##### Records for the task #####
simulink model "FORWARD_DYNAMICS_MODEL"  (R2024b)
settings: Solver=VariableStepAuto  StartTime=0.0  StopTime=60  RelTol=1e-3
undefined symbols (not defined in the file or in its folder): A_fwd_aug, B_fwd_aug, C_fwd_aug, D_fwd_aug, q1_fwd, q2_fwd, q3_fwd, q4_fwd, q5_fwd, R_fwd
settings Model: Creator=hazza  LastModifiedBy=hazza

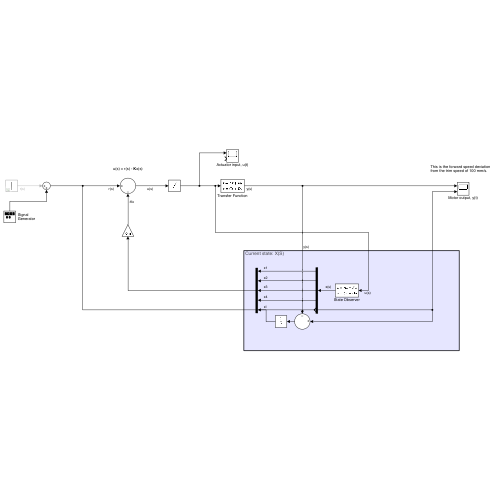
[thumbnail: Simulink's stored preview of the top-level diagram]
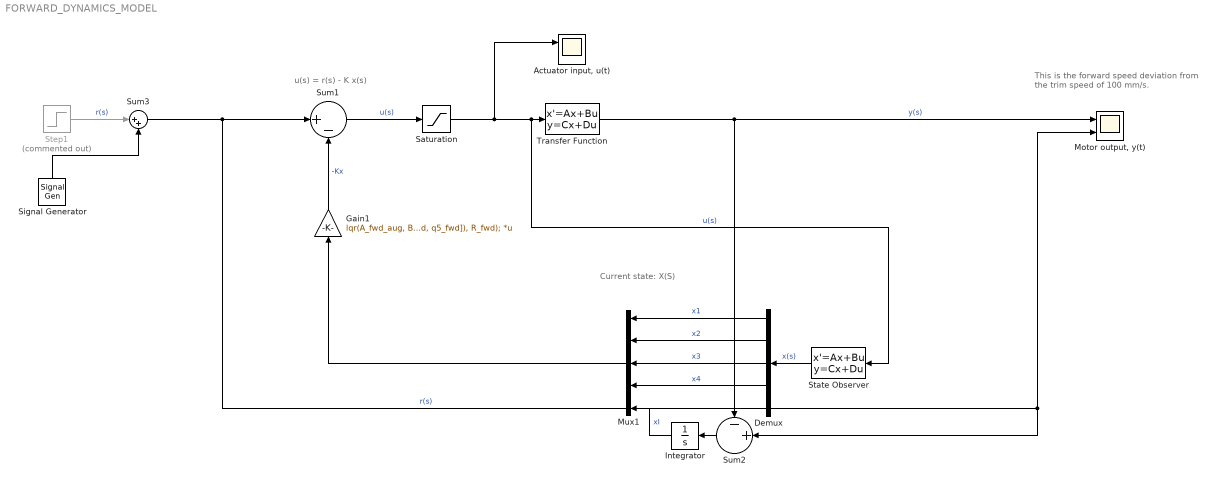
== system FORWARD_DYNAMICS_MODEL ==
  note: This is the forward speed deviation from the trim speed of 100 mm/s.
  note: Current state: X(S)
  note: u(s) = r(s) - K x(s)
  "Actuator input, u(t)" : Scope  NumInputPorts=2
  Demux : Demux  Outputs=5
  Gain1 : Gain  Gain=lqr(A_fwd_aug, B_fwd_aug, diag([q1_fwd, q2_fwd, q3_fwd, q4_fwd, q5_fwd]), R_fwd);  Multiplication=Matrix(K*u)
  Integrator : Integrator
  "Motor output, y(t)" : Scope  NumInputPorts=2
  Mux1 : Mux  Inputs=5
  Saturation : Saturate  UpperLimit=127  LowerLimit=-23  ZeroCross=off
  Signal Generator : SignalGenerator  Amplitude=-1  Frequency=1/5  Units=rad/sec
  State Observer : StateSpace  A=A_fwd_aug  B=B_fwd_aug  C=eye(5)  D=zeros(5,1)  InitialCondition=[0, 0, 0,0, 0]
  Step1 : Step  Commented=on  Time=10  After=10  SampleTime=10
  Sum1 : Sum  Inputs=|+-
  Sum2 : Sum  Inputs=-+|
  Sum3 : Sum  Inputs=|++
  Transfer Function : StateSpace  A=A_fwd_aug  B=B_fwd_aug  C=C_fwd_aug  D=D_fwd_aug  InitialCondition=[0, 0, 0,0, 0]
  wires:
  Gain1/1 -> Sum1/2  "-Kx"
  Transfer Function/1 -> "Motor output, y(t)"/1, Sum2/1  "y(s)"
  Sum3/1 -> Sum1/1, "Motor output, y(t)"/2, Sum2/2  "r(s)"
  Sum1/1 -> Saturation/1  "u(s)"
  Saturation/1 -> State Observer/1, Transfer Function/1, "Actuator input, u(t)"/1  "u(s)"
  Step1/1 -> Sum3/1  "r(s)"
  Signal Generator/1 -> Sum3/2
  Sum2/1 -> Integrator/1
  Integrator/1 -> Mux1/5  "xI"
  State Observer/1 -> Demux/1  "x(s)"
  Mux1/1 -> Gain1/1
  Demux/1 -> Mux1/1  "x1"
  Demux/2 -> Mux1/2  "x2"
  Demux/3 -> Mux1/3  "x3"
  Demux/4 -> Mux1/4  "x4"
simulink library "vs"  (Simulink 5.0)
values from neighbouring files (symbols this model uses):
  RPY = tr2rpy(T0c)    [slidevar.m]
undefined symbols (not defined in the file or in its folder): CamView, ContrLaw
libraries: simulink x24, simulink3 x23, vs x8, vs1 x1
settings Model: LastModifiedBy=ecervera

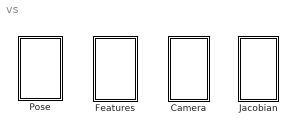
== system vs ==
  Camera : Subsystem
  Features : Subsystem
  Jacobian : Subsystem
  Pose : Subsystem

== system vs/Camera ==
  Camera view : Subsystem  LoadFcn=CamView([],[],[],'LoadBlock')  StartFcn=CamView([],[],[],'Start')  StopFcn=CamView([],[],[],'Stop')  mask{ms=15, em=normal, umin=0, umax=511, vmin=0, vmax=511, st=-1}
      mask prompts: ms "Marker Size"; em "Erase Mode"; st "Sample time"
      settings: CopyFcn=CamView([],[],[],'CopyBlock')  DeleteFcn=CamView([],[],[],'DeleteBlock')  NameChangeFcn=CamView([],[],[],'NameChange')
      mask StyleString: edit,popup(normal|none),edit,edit,edit,edit,edit
  Image of RSP : Subsystem  mask{fu=1, fv=1, u0=0, v0=0}
      mask help: Camera projection of a rigid set of points in camera frame.
  Pose estimation : Subsystem  mask{fu=1000, fv=1000, u0=256, v0=256, threshold=0.001}

== system vs/Features ==
  DTrans : Subsystem
  ITrans : Subsystem
  Penta object : vs/Features/Rigid Set of Points  x=[0 0.25 0.25 -0.25 -0.25]  y=[0 -0.25 0.25 0.25 -0.25]  z=[0 0 0 0 0]
  Point Matrix : Subsystem  mask{m=[]}
      mask prompts: m "Point Matrix (4 x N)"
      mask help: Homogeneous coordinates of a set of 3D points (each point is a matrix column).
  Quad object : vs/Features/Rigid Set of Points  x=[0.25 0.25 -0.25 -0.25]  y=[-0.25 0.25 0.25 -0.25]  z=[0 0 0 0]
  Rigid Set of Points : Subsystem  mask{x=[], y=[], z=[]}
      mask prompts: x "X-vector"; y "Y-vector"; z "Z-vector"
      mask help: Homogeneous coordinates of a set of 3D points (each point is a matrix column).
  Z's of RSP : Subsystem

== system vs/Jacobian ==
  Hand-coded control law : Subsystem  mask{n=5, fu=1000, fv=1000, u0=256, v0=256, lambda=0.125}
      mask prompts: n "Number of points"
  Inverse J : Subsystem
  Jacobian  of 2D points : Subsystem  mask{fu=1000, fv=1000, u0=256, v0=256, lambda=1}
      mask prompts: lambda "Gain"
      mask help: Converts a matrix of pixels (u,v) to a feature vector s of points (x,y) with focal=1.
  Jacobian of 3D points : Subsystem
  Jacobian of RSP : Subsystem
  PBcontrol : Subsystem  mask{lambda=0.05}
      mask prompts: lambda "Gain (>0)"
  PI control law : Subsystem  mask{lambda=1, mu=}
      mask prompts: lambda "Proportional gain (>0)"; mu "Integral gain (>0)"
      mask help: Computes the kinematic screw V = - gain J+ (s - s*).
  Pixel2s : Subsystem  mask{fu=, fv=, u0=, v0=}
      mask help: Converts a matrix of pixels (u,v) to a feature vector s of points (x,y) with focal=1.
  Proportional control law : Subsystem  mask{lambda=1}
      mask prompts: lambda "Gain (>0)"
      mask help: Computes the kinematic screw V = - gain J+ (s - s*).
  Rank J : Subsystem
  Target feature : Subsystem  mask{s=[]}
      mask prompts: s "s*"
      mask help: Column vector of target features: [s1; s2; s3; .... ; sn].
  s for points 3D : Subsystem

== system vs/Pose ==
  Composition : Subsystem
  Frame motion : Subsystem
  Inverse : Subsystem
  Pose : Subsystem  mask{x=0, y=0, z=0, r=RPY, phi=0, theta=0, psi=0}
      mask prompts: r "Rotation"
      mask help: Transformation of a translation + rotation.
      mask StyleString: edit,edit,edit,popup(RPY|Euler),edit,edit,edit
  Pose2Putheta : Subsystem
  Relative : Subsystem
  ScrewTrMat : Subsystem
  ScrewTrans : Subsystem
  skew-sym : Subsystem

== system vs/Camera/Camera view ==
  uv : Inport
  Reshape : simulink3/Signals & Systems/Reshape  OutputDimensionality=1-D array  OutputDimensions=[1,1]
  S-Function : S-Function  FunctionName=CamView  Parameters=[umin umax vmin vmax],st,ms,em
  wires:
  Reshape/1 -> S-Function/1
  uv/1 -> Reshape/1

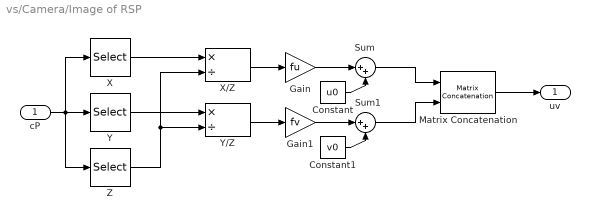
== system vs/Camera/Image of RSP ==
  cP : Inport
  Constant : Constant  Value=u0
  Constant1 : Constant  Value=v0
  Gain : Gain  Gain=fu  SaturateOnIntegerOverflow=on
  Gain1 : Gain  Gain=fv  SaturateOnIntegerOverflow=on
  Matrix Concatenation : simulink3/Signals & Systems/Matrix Concatenation  numInports=2  catMethod=Vertical
  Sum : Sum  Inputs=|++  SaturateOnIntegerOverflow=on  InputSameDT=on
  Sum1 : Sum  Inputs=|++  SaturateOnIntegerOverflow=on  InputSameDT=on
  X : Selector  InputType=Matrix  Elements=[1 3]  Columns=-1  InputPortWidth=3
  X/Z : Product  Inputs=*/  SaturateOnIntegerOverflow=on  InputSameDT=on
  Y : Selector  InputType=Matrix  Elements=[1 3]  Rows=2  Columns=-1  InputPortWidth=3
  Y/Z : Product  Inputs=*/  SaturateOnIntegerOverflow=on  InputSameDT=on
  Z : Selector  InputType=Matrix  Elements=[1 3]  Rows=3  Columns=-1  InputPortWidth=3
  uv : Outport
  wires:
  cP/1 -> X/1, Y/1, Z/1
  X/1 -> X/Z/1
  Z/1 -> X/Z/2, Y/Z/2
  Y/1 -> Y/Z/1
  Y/Z/1 -> Gain1/1
  X/Z/1 -> Gain/1
  Gain/1 -> Sum/1
  Gain1/1 -> Sum1/1
  Constant/1 -> Sum/2
  Constant1/1 -> Sum1/2
  Sum/1 -> Matrix Concatenation/1
  Sum1/1 -> Matrix Concatenation/2
  Matrix Concatenation/1 -> uv/1

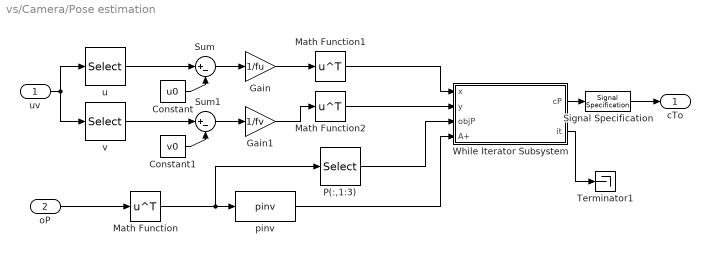
== system vs/Camera/Pose estimation ==
  uv : Inport
  oP : Inport  Port=2
  Constant : Constant  Value=u0
  Constant1 : Constant  Value=v0
  Gain : Gain  Gain=1/fu  SaturateOnIntegerOverflow=on
  Gain1 : Gain  Gain=1/fv  SaturateOnIntegerOverflow=on
  Math Function : Math  Operator=transpose
  Math Function1 : Math  Operator=transpose
  Math Function2 : Math  Operator=transpose
  P(:,1:3) : Selector  InputType=Matrix  Elements=[1 3]  Rows=-1  Columns=[1 2 3]  InputPortWidth=3
  Signal Specification : simulink/Signal Attributes/Signal Specification  D=[4 4]  Ts=-1  DataType=auto  OutDataType=sfix(16)  OutScaling=2^0
      settings: SignalType=auto  SamplingMode=auto
  Sum : Sum  Inputs=|+-  SaturateOnIntegerOverflow=on  InputSameDT=on
  Sum1 : Sum  Inputs=|+-  SaturateOnIntegerOverflow=on  InputSameDT=on
  Terminator1 : Terminator
  While Iterator Subsystem : Subsystem  TreatAsAtomicUnit=on
  pinv : MATLABFcn  MATLABFcn=pinv  Output1D=off
  u : Selector  InputType=Matrix  Elements=[1 3]  Columns=-1  InputPortWidth=3
  v : Selector  InputType=Matrix  Elements=[1 3]  Rows=2  Columns=-1  InputPortWidth=3
  cTo : Outport
  wires:
  While Iterator Subsystem/1(cP) -> Signal Specification/1
  uv/1 -> u/1, v/1
  u/1 -> Sum/1
  v/1 -> Sum1/1
  Constant/1 -> Sum/2
  Constant1/1 -> Sum1/2
  Sum/1 -> Gain/1
  Sum1/1 -> Gain1/1
  Gain/1 -> Math Function1/1
  Gain1/1 -> Math Function2/1
  oP/1 -> Math Function/1
  Math Function/1 -> pinv/1, P(:,1:3)/1
  Math Function1/1 -> While Iterator Subsystem/1(x)
  pinv/1 -> While Iterator Subsystem/4(A+)
  Math Function2/1 -> While Iterator Subsystem/2(y)
  P(:,1:3)/1 -> While Iterator Subsystem/3(objP)
  While Iterator Subsystem/2(it) -> Terminator1/1
  Signal Specification/1 -> cTo/1

== system vs/Features/DTrans ==
  aTb : Inport
  bP : Inport  Port=2
  Product : Product  Multiplication=Matrix(*)  SaturateOnIntegerOverflow=on  InputSameDT=on
  aP : Outport
  wires:
  aTb/1 -> Product/1
  bP/1 -> Product/2
  Product/1 -> aP/1

== system vs/Features/ITrans ==
  aTb : Inport
  aP : Inport  Port=2
  Inverse : vs/Pose/Inverse
      settings: RTWFcnNameOpts=Auto  RTWFileNameOpts=Auto
  Product : Product  Multiplication=Matrix(*)  SaturateOnIntegerOverflow=on  InputSameDT=on
  bP : Outport
  wires:
  aP/1 -> Product/2
  Product/1 -> bP/1
  aTb/1 -> Inverse/1
  Inverse/1 -> Product/1

== system vs/Features/Point Matrix ==
  Constant : Constant  Value=m  VectorParams1D=off
  P : Outport
  wires:
  Constant/1 -> P/1

== system vs/Features/Rigid Set of Points ==
  Constant : Constant  Value=[x;y;z;ones(1,length(x))]  VectorParams1D=off
  P : Outport
  wires:
  Constant/1 -> P/1

== system vs/Features/Z's of RSP ==
  P : Inport
  Math Function : Math  Operator=transpose
  Select Z : Selector  InputType=Matrix  Elements=[1 3]  Rows=3  Columns=-1  InputPortWidth=3
  Z : Outport
  wires:
  P/1 -> Select Z/1
  Select Z/1 -> Math Function/1
  Math Function/1 -> Z/1

== system vs/Jacobian/Hand-coded control law ==
  uv : Inport
  Z : Inport  Port=2
  uv* : Inport  Port=3
  MATLAB Fcn : MATLABFcn  MATLABFcn=ContrLaw(reshape(u(1:2*n),2,n),u(2*n+1:3*n),reshape(u(3*n+1:5*n),2,n),fu,fv,u0,v0,lambda)  OutputDimensions=6  Output1D=off
  Mux : Mux  Inputs=3
  Reshape : simulink3/Signals & Systems/Reshape  OutputDimensionality=1-D array  OutputDimensions=[1,1]
  Reshape1 : simulink3/Signals & Systems/Reshape  OutputDimensionality=1-D array  OutputDimensions=[1,1]
  Reshape2 : simulink3/Signals & Systems/Reshape  OutputDimensionality=1-D array  OutputDimensions=[1,1]
  Reshape3 : simulink3/Signals & Systems/Reshape  OutputDimensionality=Column vector  OutputDimensions=[1,1]
  cVc : Outport
  wires:
  MATLAB Fcn/1 -> Reshape3/1
  uv/1 -> Reshape/1
  Z/1 -> Reshape1/1
  uv*/1 -> Reshape2/1
  Mux/1 -> MATLAB Fcn/1
  Reshape/1 -> Mux/1
  Reshape1/1 -> Mux/2
  Reshape2/1 -> Mux/3
  Reshape3/1 -> cVc/1

== system vs/Jacobian/Inverse J ==
  J : Inport
  pinv : MATLABFcn  MATLABFcn=pinv  Output1D=off
  J+ : Outport
  wires:
  J/1 -> pinv/1
  pinv/1 -> J+/1

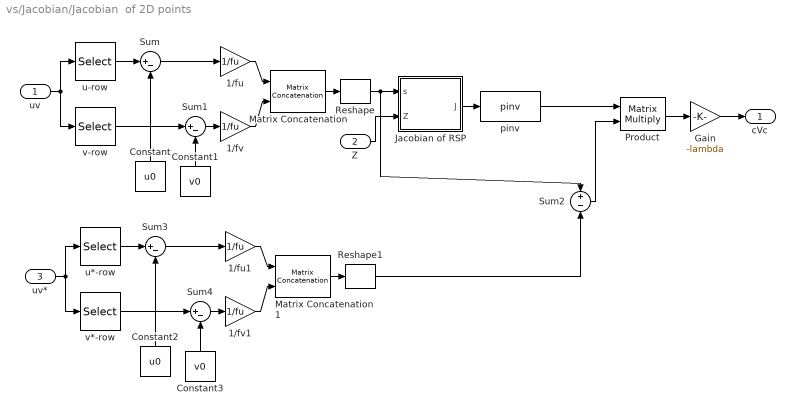
== system vs/Jacobian/Jacobian  of 2D points ==
  uv : Inport
  Z : Inport  Port=2
  uv* : Inport  Port=3
  1/fu : Gain  Gain=1/fu  SaturateOnIntegerOverflow=on
  1/fu1 : Gain  Gain=1/fu  SaturateOnIntegerOverflow=on
  1/fv : Gain  Gain=1/fu  SaturateOnIntegerOverflow=on
  1/fv1 : Gain  Gain=1/fu  SaturateOnIntegerOverflow=on
  Constant : Constant  Orientation=up  Value=u0
  Constant1 : Constant  Orientation=up  Value=v0
  Constant2 : Constant  Orientation=up  Value=u0
  Constant3 : Constant  Orientation=up  Value=v0
  Gain : Gain  Gain=-lambda  SaturateOnIntegerOverflow=on
  Jacobian of RSP : Subsystem
  Matrix Concatenation : simulink3/Signals & Systems/Matrix Concatenation  numInports=2  catMethod=Vertical
  Matrix Concatenation1 : simulink3/Signals & Systems/Matrix Concatenation  numInports=2  catMethod=Vertical
  Product : Product  Multiplication=Matrix(*)  SaturateOnIntegerOverflow=on  InputSameDT=on
  Reshape : simulink3/Signals & Systems/Reshape  OutputDimensionality=Column vector  OutputDimensions=[1,1]
  Reshape1 : simulink3/Signals & Systems/Reshape  OutputDimensionality=Column vector  OutputDimensions=[1,1]
  Sum{,1,3..4} (4 alike) : Sum  Inputs=|+-  SaturateOnIntegerOverflow=on  InputSameDT=on
  Sum2 : Sum  Inputs=+-  SaturateOnIntegerOverflow=on  InputSameDT=on
  pinv : MATLABFcn  MATLABFcn=pinv  Output1D=off
  u*-row : Selector  InputType=Matrix  Elements=[1 3]  Columns=-1  InputPortWidth=3
  u-row : Selector  InputType=Matrix  Elements=[1 3]  Columns=-1  InputPortWidth=3
  v*-row : Selector  InputType=Matrix  Elements=[1 3]  Rows=2  Columns=-1  InputPortWidth=3
  v-row : Selector  InputType=Matrix  Elements=[1 3]  Rows=2  Columns=-1  InputPortWidth=3
  cVc : Outport
  wires:
  Reshape/1 -> Jacobian of RSP/1(s), Sum2/1
  uv/1 -> v-row/1, u-row/1
  u-row/1 -> Sum/1
  v-row/1 -> Sum1/1
  Sum/1 -> 1/fu/1
  Sum1/1 -> 1/fv/1
  1/fu/1 -> Matrix Concatenation/1
  1/fv/1 -> Matrix Concatenation/2
  Matrix Concatenation/1 -> Reshape/1
  Constant/1 -> Sum/2
  Constant1/1 -> Sum1/2
  Z/1 -> Jacobian of RSP/2(Z)
  Jacobian of RSP/1(J) -> pinv/1
  Sum2/1 -> Product/2
  Product/1 -> Gain/1
  Gain/1 -> cVc/1
  pinv/1 -> Product/1
  uv*/1 -> v*-row/1, u*-row/1
  u*-row/1 -> Sum3/1
  v*-row/1 -> Sum4/1
  Sum3/1 -> 1/fu1/1
  Sum4/1 -> 1/fv1/1
  1/fu1/1 -> Matrix Concatenation1/1
  1/fv1/1 -> Matrix Concatenation1/2
  Matrix Concatenation1/1 -> Reshape1/1
  Constant2/1 -> Sum3/2
  Constant3/1 -> Sum4/2
  Reshape1/1 -> Sum2/2

== system vs/Jacobian/Jacobian of 3D points ==
  s : Inport
  Constant : Constant  Value=3
  Jacobian stack : Subsystem  TreatAsAtomicUnit=on
  Product : Product  Inputs=*/  SaturateOnIntegerOverflow=on  InputSameDT=on
  Width : Width
  J : Outport
  wires:
  Jacobian stack/1(J) -> J/1
  s/1 -> Jacobian stack/1(s), Width/1
  Product/1 -> Jacobian stack/2(n)
  Width/1 -> Product/1
  Constant/1 -> Product/2

== system vs/Jacobian/Jacobian of RSP ==
  s : Inport
  Z : Inport  Port=2
  Jacobian stack : Subsystem  TreatAsAtomicUnit=on
  Width : Width
  J : Outport
  wires:
  Jacobian stack/1(J) -> J/1
  s/1 -> Jacobian stack/1(s)
  Width/1 -> Jacobian stack/3(n)
  Z/1 -> Width/1, Jacobian stack/2(Z)

== system vs/Jacobian/PBcontrol ==
  P : Inport
  u : Inport  Port=2
  theta : Inport  Port=3
  Gain : Gain  Gain=lambda  SaturateOnIntegerOverflow=on
  Matrix Concatenation : simulink3/Signals & Systems/Matrix Concatenation  numInports=2  catMethod=Vertical
  Product : Product  SaturateOnIntegerOverflow=on  InputSameDT=on
  cVc : Outport
  wires:
  Product/1 -> Matrix Concatenation/2
  Matrix Concatenation/1 -> Gain/1
  P/1 -> Matrix Concatenation/1
  u/1 -> Product/1
  Gain/1 -> cVc/1
  theta/1 -> Product/2

== system vs/Jacobian/PI control law ==
  J+ : Inport
  s : Inport  Port=2
  s* : Inport  Port=3
  Gain : Gain  Gain=-lambda  SaturateOnIntegerOverflow=on
  Gain1 : Gain  Gain=-mu  SaturateOnIntegerOverflow=on
  Integrator : Integrator
  Product : Product  Multiplication=Matrix(*)  SaturateOnIntegerOverflow=on  InputSameDT=on
  Sum : Sum  Inputs=+-  SaturateOnIntegerOverflow=on  InputSameDT=on
  Sum1 : Sum  Inputs=|++  SaturateOnIntegerOverflow=on  InputSameDT=on
  cVc : Outport
  wires:
  s/1 -> Sum/1
  s*/1 -> Sum/2
  J+/1 -> Product/1
  Sum/1 -> Product/2
  Product/1 -> Gain/1, Integrator/1
  Integrator/1 -> Gain1/1
  Gain/1 -> Sum1/1
  Sum1/1 -> cVc/1
  Gain1/1 -> Sum1/2

== system vs/Jacobian/Pixel2s ==
  uv : Inport
  1/fu : Gain  Gain=1/fu  SaturateOnIntegerOverflow=on
  1/fv : Gain  Gain=1/fu  SaturateOnIntegerOverflow=on
  Constant : Constant  Orientation=up  Value=u0
  Constant1 : Constant  Orientation=up  Value=v0
  Matrix Concatenation : simulink3/Signals & Systems/Matrix Concatenation  numInports=2  catMethod=Vertical
  Reshape : simulink3/Signals & Systems/Reshape  OutputDimensionality=Column vector  OutputDimensions=[1,1]
  Sum : Sum  Inputs=|+-  SaturateOnIntegerOverflow=on  InputSameDT=on
  Sum1 : Sum  Inputs=|+-  SaturateOnIntegerOverflow=on  InputSameDT=on
  u-row : Selector  InputType=Matrix  Elements=[1 3]  Columns=-1  InputPortWidth=3
  v-row : Selector  InputType=Matrix  Elements=[1 3]  Rows=2  Columns=-1  InputPortWidth=3
  s : Outport
  wires:
  Reshape/1 -> s/1
  uv/1 -> v-row/1, u-row/1
  u-row/1 -> Sum/1
  v-row/1 -> Sum1/1
  Sum/1 -> 1/fu/1
  Sum1/1 -> 1/fv/1
  1/fu/1 -> Matrix Concatenation/1
  1/fv/1 -> Matrix Concatenation/2
  Matrix Concatenation/1 -> Reshape/1
  Constant/1 -> Sum/2
  Constant1/1 -> Sum1/2

== system vs/Jacobian/Proportional control law ==
  J+ : Inport
  s : Inport  Port=2
  s* : Inport  Port=3
  Gain : Gain  Gain=-lambda  SaturateOnIntegerOverflow=on
  Product : Product  Multiplication=Matrix(*)  SaturateOnIntegerOverflow=on  InputSameDT=on
  Sum : Sum  Inputs=+-  SaturateOnIntegerOverflow=on  InputSameDT=on
  cVc : Outport
  wires:
  s/1 -> Sum/1
  s*/1 -> Sum/2
  J+/1 -> Product/1
  Sum/1 -> Product/2
  Product/1 -> Gain/1
  Gain/1 -> cVc/1

== system vs/Jacobian/Rank J ==
  J : Inport
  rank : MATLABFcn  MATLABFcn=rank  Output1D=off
#####
▶ Work to complete
Word for word, reproduce the listing from its first line through the line that has "settings Model: Creator=hazza" in it, and go no further.

▶ Output
simulink model "FORWARD_DYNAMICS_MODEL"  (R2024b)
settings: Solver=VariableStepAuto  StartTime=0.0  StopTime=60  RelTol=1e-3
undefined symbols (not defined in the file or in its folder): A_fwd_aug, B_fwd_aug, C_fwd_aug, D_fwd_aug, q1_fwd, q2_fwd, q3_fwd, q4_fwd, q5_fwd, R_fwd
settings Model: Creator=hazza  LastModifiedBy=hazza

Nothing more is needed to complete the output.